Zu den Sorgfaltspflichten der Fahrzeugführer bei mehrspurigem parallelem Abbiegen nach rechts.

BGH VI ZR 75/06 Verkündet am:
12. Dezember 2006

StVO §§ 7 Abs. 5, 9 Abs. 1, 41 Abs. 3 Nr. 5 (Zeichen 297); BGB § 823 Ec



BGH, Urteil vom 12. Dezember 2006 - VI ZR 75/06 - LG Berlin
AG Berlin-Mitte

Der VI. Zivilsenat des Bundesgerichtshofs hat am 12. Dezember 2006 im schriftlichen Verfahren mit Schriftsatzfrist bis 3. November 2006 durch die Vize-präsidentin Dr. Müller, den Richter Wellner, die Richterin Diederichsen und die Richter Stöhr und Zoll

für Recht erkannt:

Die Revision gegen das Urteil der Zivilkammer 58 des Landge-richts Berlin vom 1. März 2006 wird auf Kosten der Beklagten zu-rückgewiesen.

Von Rechts wegen

Tatbestand:

Die Klägerin verlangt von den Beklagten Schadensersatz aus einem Verkehrsunfall, an dem der Beklagte zu 1 als Führer eines bei der Beklagten zu 2 haftpflichtversicherten PKW beteiligt war. Am 3. April 2004 fuhr der Zeuge F. mit dem PKW der Klägerin auf der Stadtautobahn in B. An der Einmündung der B.allee ist nach den Richtungspfeilen auf den durch Leitlinien begrenzten Fahrbahnen der Autobahn das Abbiegen nach rechts von der rechten und der mittleren Fahrspur aus vorgesehen. Die Markierungen enden an der Haltelinie vor der Einmündung. Der Zeuge F., der von der mittleren Fahrspur aus nach rechts in die zweispurige B.allee abbiegen wollte, hatte den Fahrtrichtungsan-zeiger nach rechts betätigt und fuhr links neben dem Beklagten zu 1. Der Be-klagte zu 1 bog von der rechten Fahrspur aus in einem weiten Bogen in die B.allee ein und beschädigte dabei das Fahrzeug der Klägerin am rechten hinte-ren Teil der Karosserie.

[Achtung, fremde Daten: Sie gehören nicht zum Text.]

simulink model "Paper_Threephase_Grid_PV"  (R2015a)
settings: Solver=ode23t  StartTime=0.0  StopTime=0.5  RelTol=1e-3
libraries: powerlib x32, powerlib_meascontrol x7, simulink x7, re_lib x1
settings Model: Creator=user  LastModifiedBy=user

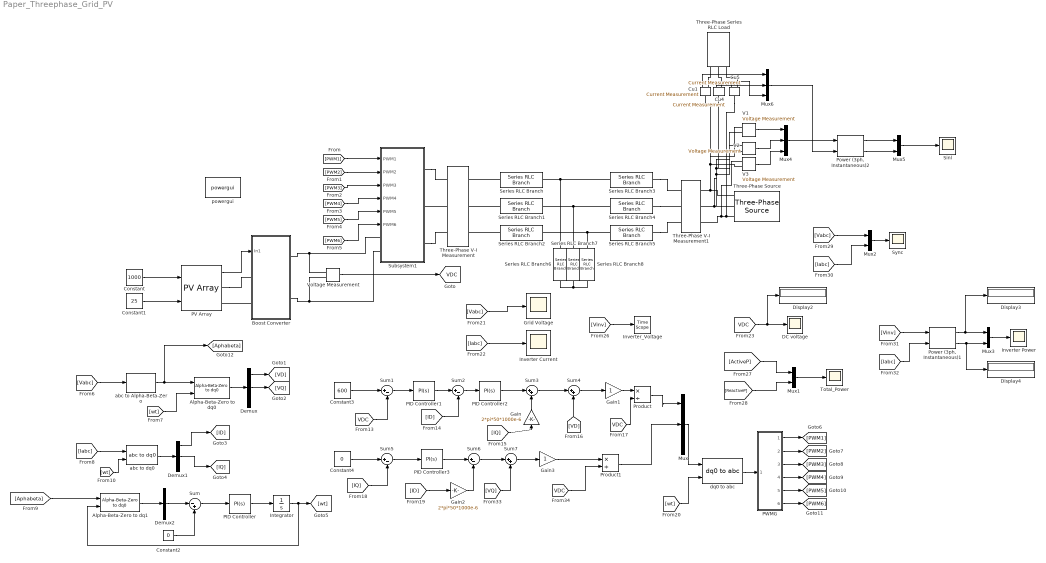
== system Paper_Threephase_Grid_PV ==
  Alpha-Beta-Zero to dq0 : powerlib_meascontrol/Transformations/Alpha-Beta-Zero to dq0  Alignment=90 degrees behind phase A axis
  Alpha-Beta-Zero to dq1 : powerlib_meascontrol/Transformations/Alpha-Beta-Zero to dq0  Alignment=90 degrees behind phase A axis
  Boost Converter : Subsystem
  Constant : Constant  Value=1000
  Constant1 : Constant  Value=25
  Constant2 : Constant  Value=0
  Constant3 : Constant  Value=600
  Constant4 : Constant  Value=0
  Cu1 : powerlib/Measurements/Current Measurement  PhasorSimulation=off  OutputType=Complex  PSBequivalent=0
  Cu4 : powerlib/Measurements/Current Measurement  PhasorSimulation=off  OutputType=Complex  PSBequivalent=0
  Cu5 : powerlib/Measurements/Current Measurement  PhasorSimulation=off  OutputType=Complex  PSBequivalent=0
  DC voltage : Scope
      settings: YMin=0  YMax=1300  SaveName=VDC
  Demux : Demux  Outputs=3
  Demux1 : Demux  Outputs=3
  Demux2 : Demux  Outputs=3
  Display2 : Display
  Display3 : Display
  Display4 : Display
  Gain : Gain  Gain=2*pi*50*1000e-6
  Gain1 : Gain
  Gain2 : Gain  Gain=2*pi*50*1000e-6
  Gain3 : Gain
  Grid Voltage : Scope
      settings: TickLabels=on  YMin=-600  YMax=600  SaveName=Grid
  Integrator : Integrator
  Inverter Current : Scope
      settings: TickLabels=on  YMin=-900  YMax=1100  SaveName=Grid1
  Inverter Power : Scope
      settings: TickLabels=on  YMin=-600000  YMax=700000  SaveName=Inverter_Power
  Inverter_Voltage : TimeScope
  Mux : Mux  Inputs=3
  Mux{1..3,5} (4 alike) : Mux  Inputs=2
  Mux4 : Mux  Inputs=3
  Mux6 : Mux  Inputs=3
  PID Controller : simulink/Continuous/PID Controller  Controller=PI  TimeDomain=Continuous-time  SampleTime=-1  IntegratorMethod=Forward Euler  FilterMethod=Forward Euler  Form=Parallel  UseFilter=on  ControllerParametersSource=internal  P=10  I=50000  D=0  N=100  InitialConditionSource=internal  InitialConditionForIntegrator=0  InitialConditionForFilter=0  ExternalReset=none  LimitOutput=off  UpperSaturationLimit=inf  LowerSaturationLimit=-inf  LinearizeAsGain=on  AntiWindupMode=none  Kb=1  TrackingMode=off  Kt=1  PParamMin=[]  PParamMax=[]  IParamMin=[]  IParamMax=[]  DParamMin=[]  DParamMax=[]  NParamMin=[]  NParamMax=[]  KbParamMin=[]  KbParamMax=[]  KtParamMin=[]  KtParamMax=[]  POutMin=[]  POutMax=[]  IOutMin=[]  IOutMax=[]  DOutMin=[]  DOutMax=[]  NOutMin=[]  NOutMax=[]  KbOutMin=[]  KbOutMax=[]  KtOutMin=[]  KtOutMax=[]  IntegratorOutMin=[]  IntegratorOutMax=[]  FilterOutMin=[]  FilterOutMax=[]  SumOutMin=[]  SumOutMax=[]  SumI1OutMin=[]  SumI1OutMax=[]  SumI2OutMin=[]  SumI2OutMax=[]  SumI3OutMin=[]  SumI3OutMax=[]  SumDOutMin=[]  SumDOutMax=[]  SaturationOutMin=[]  SaturationOutMax=[]  IntegratorContinuousStateAttributes=''  IntegratorStateMustResolveToSignalObject=off  IntegratorRTWStateStorageClass=Auto  FilterContinuousStateAttributes=''  FilterStateMustResolveToSignalObject=off  FilterRTWStateStorageClass=Auto  DifferentiatorICPrevScaledInput=0  DifferentiatorOutMin=[]  DifferentiatorOutMax=[]
  PID Controller1 : simulink/Continuous/PID Controller  Controller=PI  TimeDomain=Continuous-time  SampleTime=-1  IntegratorMethod=Forward Euler  FilterMethod=Forward Euler  Form=Parallel  UseFilter=on  ControllerParametersSource=internal  P=0.36  I=336  D=0  N=100  InitialConditionSource=internal  InitialConditionForIntegrator=0  InitialConditionForFilter=0  ExternalReset=none  LimitOutput=off  UpperSaturationLimit=inf  LowerSaturationLimit=-inf  LinearizeAsGain=on  AntiWindupMode=none  Kb=1  TrackingMode=off  Kt=1  PParamMin=[]  PParamMax=[]  IParamMin=[]  IParamMax=[]  DParamMin=[]  DParamMax=[]  NParamMin=[]  NParamMax=[]  KbParamMin=[]  KbParamMax=[]  KtParamMin=[]  KtParamMax=[]  POutMin=[]  POutMax=[]  IOutMin=[]  IOutMax=[]  DOutMin=[]  DOutMax=[]  NOutMin=[]  NOutMax=[]  KbOutMin=[]  KbOutMax=[]  KtOutMin=[]  KtOutMax=[]  IntegratorOutMin=[]  IntegratorOutMax=[]  FilterOutMin=[]  FilterOutMax=[]  SumOutMin=[]  SumOutMax=[]  SumI1OutMin=[]  SumI1OutMax=[]  SumI2OutMin=[]  SumI2OutMax=[]  SumI3OutMin=[]  SumI3OutMax=[]  SumDOutMin=[]  SumDOutMax=[]  SaturationOutMin=[]  SaturationOutMax=[]  IntegratorContinuousStateAttributes=''  IntegratorStateMustResolveToSignalObject=off  IntegratorRTWStateStorageClass=Auto  FilterContinuousStateAttributes=''  FilterStateMustResolveToSignalObject=off  FilterRTWStateStorageClass=Auto  DifferentiatorICPrevScaledInput=0  DifferentiatorOutMin=[]  DifferentiatorOutMax=[]
  PID Controller2 : simulink/Continuous/PID Controller  Controller=PI  TimeDomain=Continuous-time  SampleTime=-1  IntegratorMethod=Forward Euler  FilterMethod=Forward Euler  Form=Parallel  UseFilter=on  ControllerParametersSource=internal  P=10  I=20  D=0  N=100  InitialConditionSource=internal  InitialConditionForIntegrator=0  InitialConditionForFilter=0  ExternalReset=none  LimitOutput=off  UpperSaturationLimit=inf  LowerSaturationLimit=-inf  LinearizeAsGain=on  AntiWindupMode=none  Kb=1  TrackingMode=off  Kt=1  PParamMin=[]  PParamMax=[]  IParamMin=[]  IParamMax=[]  DParamMin=[]  DParamMax=[]  NParamMin=[]  NParamMax=[]  KbParamMin=[]  KbParamMax=[]  KtParamMin=[]  KtParamMax=[]  POutMin=[]  POutMax=[]  IOutMin=[]  IOutMax=[]  DOutMin=[]  DOutMax=[]  NOutMin=[]  NOutMax=[]  KbOutMin=[]  KbOutMax=[]  KtOutMin=[]  KtOutMax=[]  IntegratorOutMin=[]  IntegratorOutMax=[]  FilterOutMin=[]  FilterOutMax=[]  SumOutMin=[]  SumOutMax=[]  SumI1OutMin=[]  SumI1OutMax=[]  SumI2OutMin=[]  SumI2OutMax=[]  SumI3OutMin=[]  SumI3OutMax=[]  SumDOutMin=[]  SumDOutMax=[]  SaturationOutMin=[]  SaturationOutMax=[]  IntegratorContinuousStateAttributes=''  IntegratorStateMustResolveToSignalObject=off  IntegratorRTWStateStorageClass=Auto  FilterContinuousStateAttributes=''  FilterStateMustResolveToSignalObject=off  FilterRTWStateStorageClass=Auto  DifferentiatorICPrevScaledInput=0  DifferentiatorOutMin=[]  DifferentiatorOutMax=[]
  PID Controller3 : simulink/Continuous/PID Controller  Controller=PI  TimeDomain=Continuous-time  SampleTime=-1  IntegratorMethod=Forward Euler  FilterMethod=Forward Euler  Form=Parallel  UseFilter=on  ControllerParametersSource=internal  P=10  I=20  D=0  N=100  InitialConditionSource=internal  InitialConditionForIntegrator=0  InitialConditionForFilter=0  ExternalReset=none  LimitOutput=off  UpperSaturationLimit=inf  LowerSaturationLimit=-inf  LinearizeAsGain=on  AntiWindupMode=none  Kb=1  TrackingMode=off  Kt=1  PParamMin=[]  PParamMax=[]  IParamMin=[]  IParamMax=[]  DParamMin=[]  DParamMax=[]  NParamMin=[]  NParamMax=[]  KbParamMin=[]  KbParamMax=[]  KtParamMin=[]  KtParamMax=[]  POutMin=[]  POutMax=[]  IOutMin=[]  IOutMax=[]  DOutMin=[]  DOutMax=[]  NOutMin=[]  NOutMax=[]  KbOutMin=[]  KbOutMax=[]  KtOutMin=[]  KtOutMax=[]  IntegratorOutMin=[]  IntegratorOutMax=[]  FilterOutMin=[]  FilterOutMax=[]  SumOutMin=[]  SumOutMax=[]  SumI1OutMin=[]  SumI1OutMax=[]  SumI2OutMin=[]  SumI2OutMax=[]  SumI3OutMin=[]  SumI3OutMax=[]  SumDOutMin=[]  SumDOutMax=[]  SaturationOutMin=[]  SaturationOutMax=[]  IntegratorContinuousStateAttributes=''  IntegratorStateMustResolveToSignalObject=off  IntegratorRTWStateStorageClass=Auto  FilterContinuousStateAttributes=''  FilterStateMustResolveToSignalObject=off  FilterRTWStateStorageClass=Auto  DifferentiatorICPrevScaledInput=0  DifferentiatorOutMin=[]  DifferentiatorOutMax=[]
  PV Array : re_lib/Solar/PV Array  Npar=47  Nser=10  PlotType=array @ 25 deg.C & specified irradiances  S_vec="[ 1000  800 500  100 ]"  Temp_C_vec="[ 45 25  ]"  ModuleName=1Soltech 1STH-215-P  PlotWhenSelected=off  Pm=213.15  Ncell=60  Voc=36.3  Isc=7.84  Vm=29  Im=7.35  beta_Voc_pc=-0.36099  alpha_Isc_pc=0.102  beta_Voc=-0.13104  alpha_Isc=0.007997  IL=7.8649  I0=2.9259e-10  nI=0.98117  Rsh=313.3991  Rs=0.39383  BAL=on  Tc=1e-6  Tfilter=1e-6
  PWMG : Subsystem
  "Power (3ph, Instantaneous)1" : powerlib_meascontrol/Measurements/Power (3ph, Instantaneous)
  "Power (3ph, Instantaneous)2" : powerlib_meascontrol/Measurements/Power (3ph, Instantaneous)
  Product : Product  Inputs=*/
  Product1 : Product  Inputs=*/
  Series RLC Branch{,1..5} (6 alike) : powerlib/Elements/Series RLC Branch  LConnTagsString=__new0  RConnTagsString=__new0  BranchType=RL  Resistance=1e-3  Inductance=500e-6  SetiL0=off  InitialCurrent=0  Capacitance=1e-6  Setx0=off  InitialVoltage=0  Measurements=None
  Series RLC Branch6 : powerlib/Elements/Series RLC Branch  LConnTagsString=__new0  RConnTagsString=__new0  BranchType=RC  Resistance=1e-3  Inductance=500e-6  SetiL0=off  InitialCurrent=0  Capacitance=100e-6  Setx0=off  InitialVoltage=0  Measurements=None
  Series RLC Branch7 : powerlib/Elements/Series RLC Branch  LConnTagsString=__new0  RConnTagsString=__new0  BranchType=RC  Resistance=1e-3  Inductance=500e-6  SetiL0=off  InitialCurrent=0  Capacitance=100e-6  Setx0=off  InitialVoltage=0  Measurements=None
  Series RLC Branch8 : powerlib/Elements/Series RLC Branch  LConnTagsString=__new0  RConnTagsString=__new0  BranchType=RC  Resistance=1e-3  Inductance=500e-6  SetiL0=off  InitialCurrent=0  Capacitance=100e-6  Setx0=off  InitialVoltage=0  Measurements=None
  Sinl : Scope
      settings: YMin=-10000  YMax=140000  SaveName=Sink
  Subsystem1 : Subsystem
  Sum : Sum  Inputs=|-+
  Sum{1..2,5..6} (4 alike) : Sum  Inputs=|+-
  Sum3 : Sum  Inputs=|++
  Sum4 : Sum  Inputs=|++
  Sum7 : Sum  Inputs=|++
  Sync : Scope
      settings: YMin=-800  YMax=800  SaveName=TotalPV_Power1
  Three-Phase Series RLC Load : powerlib/Elements/Three-Phase Series RLC Load  LConnTagsString=A|B|C  Configuration=Y (grounded)  NominalVoltage=400  NominalFrequency=50  ActivePower=10e3  InductivePower=8e3  CapacitivePower=0  Measurements=None  LoadType=constant Z
  Three-Phase V-I Measurement : powerlib/Measurements/Three-Phase V-I Measurement  VoltageMeasurement=phase-to-ground  SetLabelV=on  LabelV=Vinv  Vpu=off  VpuLL=off  CurrentMeasurement=yes  SetLabelI=on  LabelI=Iabc  Ipu=off  Pbase=100e6  Vbase=500e3  OutputType=Complex  PhasorSimulation=off  PSBequivalent=0
  Three-Phase V-I Measurement1 : powerlib/Measurements/Three-Phase V-I Measurement  VoltageMeasurement=phase-to-ground  SetLabelV=on  LabelV=Vabc  Vpu=off  VpuLL=off  CurrentMeasurement=yes  SetLabelI=on  LabelI=Igrid  Ipu=off  Pbase=100e6  Vbase=500e3  OutputType=Complex  PhasorSimulation=off  PSBequivalent=0
  Three-Phase Source : powerlib/Electrical Sources/Three-Phase Source  Voltage=400  PhaseAngle=0  Frequency=50  InternalConnection=Yg  SpecifyImpedance=off  Resistance=1e-6  Inductance=1e-6  ShortCircuitLevel=100e6  BaseVoltage=400  XRratio=7  BusType=swing  Pref=0  Qref=0  Qmin=-inf  Qmax=inf
  Total_Power : Scope
      settings: YMin=-500000  YMax=350000  SaveName=TotalPV_Power
  V1 : powerlib/Measurements/Voltage Measurement  PhasorSimulation=off  OutputType=Complex  PSBequivalent=0
  V2 : powerlib/Measurements/Voltage Measurement  PhasorSimulation=off  OutputType=Complex  PSBequivalent=0
  V3 : powerlib/Measurements/Voltage Measurement  PhasorSimulation=off  OutputType=Complex  PSBequivalent=0
  Voltage Measurement : powerlib/Measurements/Voltage Measurement  PhasorSimulation=off  OutputType=Complex  PSBequivalent=0
  abc to Alpha-Beta-Zero : powerlib_meascontrol/Transformations/abc to Alpha-Beta-Zero
  abc to dq0 : powerlib_meascontrol/Transformations/abc to dq0  Alignment=90 degrees behind phase A axis
  dq0 to abc : powerlib_meascontrol/Transformations/dq0 to abc  Alignment=90 degrees behind phase A axis
  powergui : powerlib/powergui  Priority=1  SimulationMode=Discrete  SolverType=Tustin/Backward Euler (TBE)  SampleTime=1e-6  frequency=60  SPID=off  DisableSnubberDevices=off  DisableRonSwitches=off  DisableVfSwitches=off  SwTol=0  DisplayEquations=off  Interpol=off  methode=off  Ts=100  FunctionMessages=off  echomessages=off  HookPort=off  EnableUseOfTLC=off  x0status=blocks  frequencyindice=50  Pbase=100e6  ErrMax=1e-4  Iterations=50  UnitsV=kV  UnitsW=MW  buscounter=0  RestoreLinks=warning  ResistiveCurrentMeasurement=off  Frange=[0:2:500]  Ylog=off  Xlog=on  ShowGrid=off  save=off  variable=ZData  structure=Grid  ZoomFFT=off  StartTime=0.0  cycles=10  DisplayStyle=1  fundamental=50  FreqAxis=on  MaxFrequency=1000  frequencyindicesteady=1  RmsSteady=1  display=off
  tag scope: VDC=global
  wires:
  Constant/1 -> PV Array/1
  Constant1/1 -> PV Array/2
  PV Array/1 -> Boost Converter/1(In1)
  [PWM1] -> Subsystem1/1(PWM1)
  [PWM2] -> Subsystem1/2(PWM2)
  [PWM3] -> Subsystem1/3(PWM3)
  [PWM4] -> Subsystem1/4(PWM4)
  [PWM5] -> Subsystem1/5(PWM5)
  [PWM6] -> Subsystem1/6(PWM6)
  Voltage Measurement/1 -> [VDC]
  [wt] -> Alpha-Beta-Zero to dq0/2
  Alpha-Beta-Zero to dq0/1 -> Demux/1
  Demux/2 -> [VQ]
  Demux/1 -> [VD]
  [Iabc] -> abc to dq0/1
  abc to dq0/1 -> Demux1/1
  Demux1/1 -> [ID]
  Demux1/2 -> [IQ]
  [wt] -> abc to dq0/2
  Alpha-Beta-Zero to dq1/1 -> Demux2/1
  Demux2/2 -> Sum/1
  Constant2/1 -> Sum/2
  Sum/1 -> PID Controller/1
  PID Controller/1 -> Integrator/1
  Integrator/1 -> [wt], Alpha-Beta-Zero to dq1/2
  PWMG/1(PWM1) -> [PWM1]
  PWMG/2(PWM2) -> [PWM2]
  PWMG/3(PWM3) -> [PWM3]
  PWMG/4(PWM4) -> [PWM4]
  PWMG/5(PWM5) -> [PWM5]
  PWMG/6(PWM6) -> [PWM6]
  [VDC] -> Display2/1, DC voltage/1
  dq0 to abc/1 -> PWMG/1(Vref)
  [wt] -> dq0 to abc/2
  [Vabc] -> abc to Alpha-Beta-Zero/1
  abc to Alpha-Beta-Zero/1 -> [Aphabeta], Alpha-Beta-Zero to dq0/1
  [Aphabeta] -> Alpha-Beta-Zero to dq1/1
  [Vinv] -> Inverter_Voltage/1
  [Vabc] -> Grid Voltage/1
  [Iabc] -> Inverter Current/1
  [ActiveP] -> Mux1/1
  Mux1/1 -> Total_Power/1
  [ReactiveP] -> Mux1/2
  Mux2/1 -> Sync/1
  [Vabc] -> Mux2/1
  [Iabc] -> Mux2/2
  [Vinv] -> "Power (3ph, Instantaneous)1"/1
  [Iabc] -> "Power (3ph, Instantaneous)1"/2
  "Power (3ph, Instantaneous)1"/1 -> Display3/1, Mux3/1
  "Power (3ph, Instantaneous)1"/2 -> Display4/1, Mux3/2
  Mux3/1 -> Inverter Power/1
  [ID] -> Sum2/2
  [VDC] -> Sum1/2
  Constant3/1 -> Sum1/1
  Sum1/1 -> PID Controller1/1
  PID Controller2/1 -> Sum3/1
  PID Controller1/1 -> Sum2/1
  Sum2/1 -> PID Controller2/1
  Sum3/1 -> Sum4/1
  [VD] -> Sum4/2
  Gain/1 -> Sum3/2
  Gain2/1 -> Sum6/2
  Gain3/1 -> Product1/1
  Sum7/1 -> Gain3/1
  [VDC] -> Product1/2
  Constant4/1 -> Sum5/1
  [VDC] -> Product/2
  Sum5/1 -> PID Controller3/1
  PID Controller3/1 -> Sum6/1
  [ID] -> Gain2/1
  Sum6/1 -> Sum7/1
  [IQ] -> Gain/1
  Gain1/1 -> Product/1
  Sum4/1 -> Gain1/1
  [IQ] -> Sum5/2
  [VQ] -> Sum7/2
  Product/1 -> Mux/1
  Product1/1 -> Mux/2
  Mux/1 -> dq0 to abc/1
  V1/1 -> Mux4/1
  V2/1 -> Mux4/2
  V3/1 -> Mux4/3
  Mux4/1 -> "Power (3ph, Instantaneous)2"/1
  Mux5/1 -> Sinl/1
  "Power (3ph, Instantaneous)2"/1 -> Mux5/1
  Cu1/1 -> Mux6/1
  Cu4/1 -> Mux6/2
  Cu5/1 -> Mux6/3
  Mux6/1 -> "Power (3ph, Instantaneous)2"/2
  "Power (3ph, Instantaneous)2"/2 -> Mux5/2
  connections:
  Boost Converter/LConn2 -- PV Array/RConn2
  PV Array/RConn1 -- Boost Converter/LConn1
  Voltage Measurement/LConn2 -- Subsystem1/LConn2 -- Boost Converter/RConn2
  Boost Converter/RConn1 -- Subsystem1/LConn1 -- Voltage Measurement/LConn1
  Three-Phase V-I Measurement/LConn2 -- Subsystem1/RConn2
  Subsystem1/RConn1 -- Three-Phase V-I Measurement/LConn1
  Subsystem1/RConn3 -- Three-Phase V-I Measurement/LConn3
  Series RLC Branch/LConn1 -- Three-Phase V-I Measurement/RConn1
  Series RLC Branch1/LConn1 -- Three-Phase V-I Measurement/RConn2
  Series RLC Branch2/LConn1 -- Three-Phase V-I Measurement/RConn3
  Series RLC Branch3/LConn1 -- Series RLC Branch6/LConn1 -- Series RLC Branch/RConn1
  Series RLC Branch4/LConn1 -- Series RLC Branch7/LConn1 -- Series RLC Branch1/RConn1
  Series RLC Branch5/LConn1 -- Series RLC Branch8/LConn1 -- Series RLC Branch2/RConn1
  Series RLC Branch6/RConn1 -- Series RLC Branch7/RConn1 -- Series RLC Branch8/RConn1
  Series RLC Branch4/RConn1 -- Three-Phase V-I Measurement1/RConn2
  Series RLC Branch3/RConn1 -- Three-Phase V-I Measurement1/RConn1
  Series RLC Branch5/RConn1 -- Three-Phase V-I Measurement1/RConn3
  Three-Phase Source/RConn3 -- V1/LConn1 -- Cu1/LConn1 -- V3/LConn2 -- Three-Phase V-I Measurement1/LConn1
  Three-Phase Source/RConn2 -- Cu4/LConn1 -- V1/LConn2 -- V2/LConn1 -- V2/LConn2 -- Three-Phase V-I Measurement1/LConn2
  Three-Phase Source/RConn1 -- V3/LConn1 -- Three-Phase V-I Measurement1/LConn3 -- Cu5/LConn1
  Cu1/RConn1 -- Three-Phase Series RLC Load/LConn1
  Cu4/RConn1 -- Three-Phase Series RLC Load/LConn2
  Cu5/RConn1 -- Three-Phase Series RLC Load/LConn3

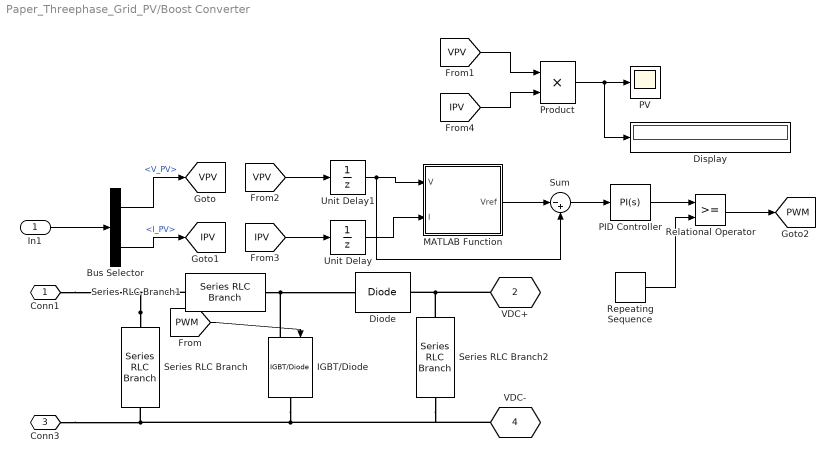
== system Paper_Threephase_Grid_PV/Boost Converter ==
  In1 : Inport
  Bus Selector : BusSelector  OutputSignals=V_PV,I_PV
  Diode : powerlib/Power Electronics/Diode  Ron=0.001  Lon=0  Vf=0.8  IC=0  UseSnubber=off  Rs=500  Cs=250e-9  Measurements=off
  Display : Display
  IGBT/Diode : powerlib/Power Electronics/IGBT//Diode  Ron=1e-3  Rs=1e5  Cs=inf  Measurements=off
  MATLAB Function : MATLAB Function  TreatAsAtomicUnit=on
  PID Controller : simulink/Continuous/PID Controller  Controller=PI  TimeDomain=Continuous-time  SampleTime=-1  IntegratorMethod=Forward Euler  FilterMethod=Forward Euler  Form=Parallel  UseFilter=on  ControllerParametersSource=internal  P=0.005  I=0.001  D=0  N=100  InitialConditionSource=internal  InitialConditionForIntegrator=0  InitialConditionForFilter=0  ExternalReset=none  LimitOutput=on  UpperSaturationLimit=0.95  LowerSaturationLimit=0  LinearizeAsGain=on  AntiWindupMode=none  Kb=1  TrackingMode=off  Kt=1  PParamMin=[]  PParamMax=[]  IParamMin=[]  IParamMax=[]  DParamMin=[]  DParamMax=[]  NParamMin=[]  NParamMax=[]  KbParamMin=[]  KbParamMax=[]  KtParamMin=[]  KtParamMax=[]  POutMin=[]  POutMax=[]  IOutMin=[]  IOutMax=[]  DOutMin=[]  DOutMax=[]  NOutMin=[]  NOutMax=[]  KbOutMin=[]  KbOutMax=[]  KtOutMin=[]  KtOutMax=[]  IntegratorOutMin=[]  IntegratorOutMax=[]  FilterOutMin=[]  FilterOutMax=[]  SumOutMin=[]  SumOutMax=[]  SumI1OutMin=[]  SumI1OutMax=[]  SumI2OutMin=[]  SumI2OutMax=[]  SumI3OutMin=[]  SumI3OutMax=[]  SumDOutMin=[]  SumDOutMax=[]  SaturationOutMin=[]  SaturationOutMax=[]  IntegratorContinuousStateAttributes=''  IntegratorStateMustResolveToSignalObject=off  IntegratorRTWStateStorageClass=Auto  FilterContinuousStateAttributes=''  FilterStateMustResolveToSignalObject=off  FilterRTWStateStorageClass=Auto  DifferentiatorICPrevScaledInput=0  DifferentiatorOutMin=[]  DifferentiatorOutMax=[]
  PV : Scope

Das Amtsgericht hat die Klage abgewiesen. Auf die Berufung der Kläge-rin hat das Berufungsgericht unter Abänderung des erstinstanzlichen Urteils den Schadensersatz zum überwiegenden Teil zugesprochen und die Revision zugelassen. Die Beklagten verfolgen mit der Revision weiterhin die Klageab-weisung.

Entscheidungsgründe:

I.

Das Berufungsgericht ist der Auffassung, der Beklagte zu 1 habe den Verkehrsunfall durch sein verkehrswidriges Verhalten allein verschuldet. Daneben trete die Betriebsgefahr des klägerischen Fahrzeugs vollständig zu-rück. Da die Fahrzeuge aus markierten Rechtsabbiegespuren gekommen sei-en, hätte der Beklagte zu 1 die seiner Einordnung vor der Kreuzung entspre-chende rechte Spur einhalten müssen. Der Zeuge F. habe auf Grund der Rich-tungspfeile parallel zum Beklagtenfahrzeug nach rechts abbiegen dürfen. Er habe die linke Spur einhalten müssen, der Beklagte zu 1 die rechte. Zwar sei § 7 Abs. 5 StVO nicht direkt anzuwenden, weil die vor der Kreuzung vorhande-nen Fahrstreifen dort endeten, doch komme dessen Rechtsgedanke über § 1 Abs. 2 StVO zur Anwendung.

II.

Das Berufungsurteil hält revisionsrechtlicher Nachprüfung stand.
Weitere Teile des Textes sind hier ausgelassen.